- **Task to complete**: Output nothing but the lines from the first line of the entries to the line with "Ts_motor_simscape = T_pwm/100", inclusive, exactly as they read.

- **Recorded data**:
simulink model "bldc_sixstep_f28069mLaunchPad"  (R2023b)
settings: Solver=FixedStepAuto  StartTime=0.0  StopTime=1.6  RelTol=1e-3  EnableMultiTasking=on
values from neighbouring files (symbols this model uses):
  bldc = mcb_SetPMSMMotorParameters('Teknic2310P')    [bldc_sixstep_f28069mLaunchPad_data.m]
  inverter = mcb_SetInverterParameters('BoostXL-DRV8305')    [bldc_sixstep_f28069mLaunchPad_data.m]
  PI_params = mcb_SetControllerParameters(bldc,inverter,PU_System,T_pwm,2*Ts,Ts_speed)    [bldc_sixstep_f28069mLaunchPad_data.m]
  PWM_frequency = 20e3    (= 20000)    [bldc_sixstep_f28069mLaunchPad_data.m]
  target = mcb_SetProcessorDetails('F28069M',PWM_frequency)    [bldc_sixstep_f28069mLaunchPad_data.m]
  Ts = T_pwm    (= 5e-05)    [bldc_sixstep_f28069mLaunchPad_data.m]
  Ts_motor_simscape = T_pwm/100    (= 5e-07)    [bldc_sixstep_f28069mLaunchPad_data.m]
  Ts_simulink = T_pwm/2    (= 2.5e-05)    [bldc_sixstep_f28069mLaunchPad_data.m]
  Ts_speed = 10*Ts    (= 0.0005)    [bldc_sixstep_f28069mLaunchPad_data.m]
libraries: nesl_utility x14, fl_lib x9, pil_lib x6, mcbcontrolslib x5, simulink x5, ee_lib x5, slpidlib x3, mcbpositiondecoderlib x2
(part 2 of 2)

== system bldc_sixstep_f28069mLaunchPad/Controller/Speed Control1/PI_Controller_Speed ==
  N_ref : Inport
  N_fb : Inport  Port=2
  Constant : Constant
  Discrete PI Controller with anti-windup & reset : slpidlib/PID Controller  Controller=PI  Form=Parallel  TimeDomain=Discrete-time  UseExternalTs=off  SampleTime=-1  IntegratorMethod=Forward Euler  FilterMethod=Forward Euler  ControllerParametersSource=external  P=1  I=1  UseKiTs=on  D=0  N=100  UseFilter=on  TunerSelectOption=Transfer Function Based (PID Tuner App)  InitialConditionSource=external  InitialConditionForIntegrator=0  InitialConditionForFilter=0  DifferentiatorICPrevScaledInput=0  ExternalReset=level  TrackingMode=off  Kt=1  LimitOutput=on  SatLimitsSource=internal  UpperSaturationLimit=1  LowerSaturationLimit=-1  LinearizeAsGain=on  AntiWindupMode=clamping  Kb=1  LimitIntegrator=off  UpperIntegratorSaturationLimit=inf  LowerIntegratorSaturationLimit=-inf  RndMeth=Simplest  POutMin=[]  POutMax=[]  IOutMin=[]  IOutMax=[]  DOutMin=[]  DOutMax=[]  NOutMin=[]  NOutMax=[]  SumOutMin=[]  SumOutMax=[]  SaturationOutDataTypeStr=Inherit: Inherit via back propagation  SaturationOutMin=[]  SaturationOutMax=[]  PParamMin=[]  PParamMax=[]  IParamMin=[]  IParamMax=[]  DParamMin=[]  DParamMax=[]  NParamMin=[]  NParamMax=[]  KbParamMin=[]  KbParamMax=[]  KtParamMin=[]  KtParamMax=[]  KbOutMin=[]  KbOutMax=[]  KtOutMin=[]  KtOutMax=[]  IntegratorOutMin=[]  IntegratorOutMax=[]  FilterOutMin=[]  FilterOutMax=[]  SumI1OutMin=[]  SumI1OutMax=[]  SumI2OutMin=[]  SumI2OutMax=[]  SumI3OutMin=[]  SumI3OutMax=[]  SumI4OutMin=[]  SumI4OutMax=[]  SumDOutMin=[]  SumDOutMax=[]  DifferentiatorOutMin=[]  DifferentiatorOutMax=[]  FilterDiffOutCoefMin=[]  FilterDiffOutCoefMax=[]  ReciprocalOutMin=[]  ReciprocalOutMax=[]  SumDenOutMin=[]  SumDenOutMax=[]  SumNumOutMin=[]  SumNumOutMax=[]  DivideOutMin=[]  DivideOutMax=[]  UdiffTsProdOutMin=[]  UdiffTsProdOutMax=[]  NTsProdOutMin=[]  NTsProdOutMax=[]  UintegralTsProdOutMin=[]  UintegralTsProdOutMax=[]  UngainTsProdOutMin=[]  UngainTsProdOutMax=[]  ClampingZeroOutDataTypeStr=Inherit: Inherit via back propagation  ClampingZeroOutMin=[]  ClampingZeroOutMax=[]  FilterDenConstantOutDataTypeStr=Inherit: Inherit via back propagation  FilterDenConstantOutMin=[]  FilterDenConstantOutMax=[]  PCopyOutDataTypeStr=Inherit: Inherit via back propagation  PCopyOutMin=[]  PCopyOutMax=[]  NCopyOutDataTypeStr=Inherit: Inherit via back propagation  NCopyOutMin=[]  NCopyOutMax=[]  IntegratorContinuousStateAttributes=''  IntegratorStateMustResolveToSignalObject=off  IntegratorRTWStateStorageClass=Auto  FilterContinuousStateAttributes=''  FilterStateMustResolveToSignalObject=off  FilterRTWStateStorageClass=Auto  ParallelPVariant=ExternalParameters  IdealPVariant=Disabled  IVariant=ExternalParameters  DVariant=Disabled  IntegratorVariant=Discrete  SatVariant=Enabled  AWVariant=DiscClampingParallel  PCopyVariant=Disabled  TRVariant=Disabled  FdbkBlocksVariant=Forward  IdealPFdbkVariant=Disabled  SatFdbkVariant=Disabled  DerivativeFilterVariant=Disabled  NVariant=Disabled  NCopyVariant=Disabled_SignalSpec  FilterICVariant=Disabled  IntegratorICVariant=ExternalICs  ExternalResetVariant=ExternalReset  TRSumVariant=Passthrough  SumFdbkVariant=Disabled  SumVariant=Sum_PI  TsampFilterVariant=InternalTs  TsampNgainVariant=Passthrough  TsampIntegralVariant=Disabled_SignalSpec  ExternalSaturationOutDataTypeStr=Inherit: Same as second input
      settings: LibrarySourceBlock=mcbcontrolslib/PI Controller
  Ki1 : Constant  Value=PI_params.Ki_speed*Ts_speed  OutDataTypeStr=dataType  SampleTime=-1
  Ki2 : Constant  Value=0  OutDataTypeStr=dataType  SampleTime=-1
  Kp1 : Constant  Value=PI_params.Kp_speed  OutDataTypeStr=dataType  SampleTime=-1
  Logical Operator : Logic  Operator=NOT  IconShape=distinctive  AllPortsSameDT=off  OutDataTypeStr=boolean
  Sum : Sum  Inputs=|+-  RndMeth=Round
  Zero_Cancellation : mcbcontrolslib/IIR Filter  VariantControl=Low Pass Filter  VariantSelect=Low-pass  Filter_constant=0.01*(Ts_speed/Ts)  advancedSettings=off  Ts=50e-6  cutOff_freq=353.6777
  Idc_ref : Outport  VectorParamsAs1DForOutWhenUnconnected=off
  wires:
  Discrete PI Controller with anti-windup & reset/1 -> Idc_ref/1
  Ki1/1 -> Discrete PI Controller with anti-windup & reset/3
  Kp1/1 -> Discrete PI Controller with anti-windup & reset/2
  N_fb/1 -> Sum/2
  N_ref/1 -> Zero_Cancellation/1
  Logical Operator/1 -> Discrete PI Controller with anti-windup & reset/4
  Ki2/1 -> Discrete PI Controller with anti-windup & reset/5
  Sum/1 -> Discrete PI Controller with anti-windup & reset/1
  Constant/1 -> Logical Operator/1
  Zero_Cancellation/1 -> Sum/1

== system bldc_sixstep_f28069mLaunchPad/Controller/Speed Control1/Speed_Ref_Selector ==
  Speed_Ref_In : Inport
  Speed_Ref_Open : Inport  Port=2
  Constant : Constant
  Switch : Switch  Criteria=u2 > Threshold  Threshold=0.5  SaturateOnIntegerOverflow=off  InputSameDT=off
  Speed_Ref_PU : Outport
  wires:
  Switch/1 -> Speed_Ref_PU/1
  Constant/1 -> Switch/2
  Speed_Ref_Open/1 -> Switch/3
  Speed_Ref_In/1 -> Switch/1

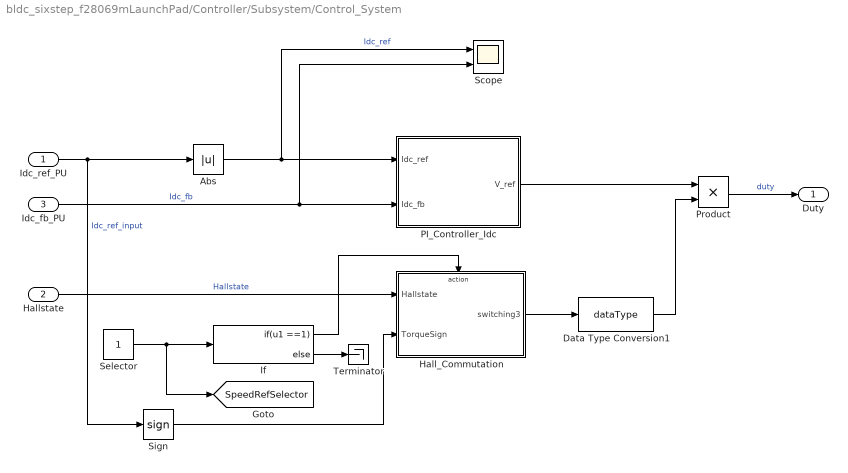
== system bldc_sixstep_f28069mLaunchPad/Controller/Subsystem/Control_System ==
  Idc_ref_PU : Inport
  Hallstate : Inport  Port=2
  Idc_fb_PU : Inport  Port=3
  Abs : Abs  SaturateOnIntegerOverflow=off
  Data Type Conversion1 : DataTypeConversion  OutDataTypeStr=dataType  RndMeth=Simplest  SaturateOnIntegerOverflow=off
  Hall_Commutation : Subsystem
  If : If  IfExpression=u1 ==1
  PI_Controller_Idc : Subsystem
  Product : Product  RndMeth=Simplest  OutDataTypeStr=Inherit: Same as first input
  Scope : Scope  NumInputPorts=2
  Selector : Constant  OutDataTypeStr=uint16  SampleTime=-1
  Sign : Signum
  Terminator : Terminator
  Duty : Outport  VectorParamsAs1DForOutWhenUnconnected=off
  tag scope: SpeedRefSelector=global
  wires:
  Hallstate/1 -> Hall_Commutation/1(Hallstate)  "Hallstate"
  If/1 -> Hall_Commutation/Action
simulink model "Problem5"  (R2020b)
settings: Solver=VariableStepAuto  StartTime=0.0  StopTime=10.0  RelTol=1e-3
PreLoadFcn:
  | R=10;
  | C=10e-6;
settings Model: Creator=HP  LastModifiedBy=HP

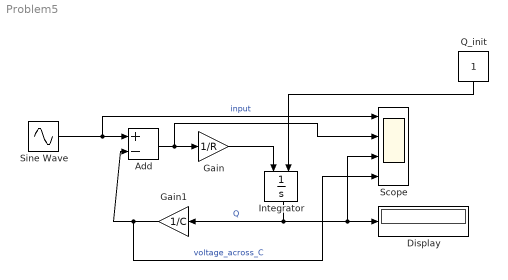
== system Problem5 ==
  Add : Sum  Inputs=+-
  Display : Display
  Gain : Gain  Gain=1/R
  Gain1 : Gain  Gain=1/C
  Integrator : Integrator  InitialConditionSource=external
  Q_init : Constant  SampleTime=-1
  Scope : Scope  NumInputPorts=4
  Sine Wave : Sin  SampleTime=0
  wires:
  Gain1/1 -> Scope/4, Add/2  "voltage_across_C"
  Sine Wave/1 -> Add/1, Scope/1  "input"
  Add/1 -> Scope/2, Gain/1
  Q_init/1 -> Integrator/2
  Integrator/1 -> Display/1, Scope/3, Gain1/1  "Q"
  Gain/1 -> Integrator/1

- **Reply to the exercise**:
simulink model "bldc_sixstep_f28069mLaunchPad"  (R2023b)
settings: Solver=FixedStepAuto  StartTime=0.0  StopTime=1.6  RelTol=1e-3  EnableMultiTasking=on
values from neighbouring files (symbols this model uses):
  bldc = mcb_SetPMSMMotorParameters('Teknic2310P')    [bldc_sixstep_f28069mLaunchPad_data.m]
  inverter = mcb_SetInverterParameters('BoostXL-DRV8305')    [bldc_sixstep_f28069mLaunchPad_data.m]
  PI_params = mcb_SetControllerParameters(bldc,inverter,PU_System,T_pwm,2*Ts,Ts_speed)    [bldc_sixstep_f28069mLaunchPad_data.m]
  PWM_frequency = 20e3    (= 20000)    [bldc_sixstep_f28069mLaunchPad_data.m]
  target = mcb_SetProcessorDetails('F28069M',PWM_frequency)    [bldc_sixstep_f28069mLaunchPad_data.m]
  Ts = T_pwm    (= 5e-05)    [bldc_sixstep_f28069mLaunchPad_data.m]
  Ts_motor_simscape = T_pwm/100    (= 5e-07)    [bldc_sixstep_f28069mLaunchPad_data.m]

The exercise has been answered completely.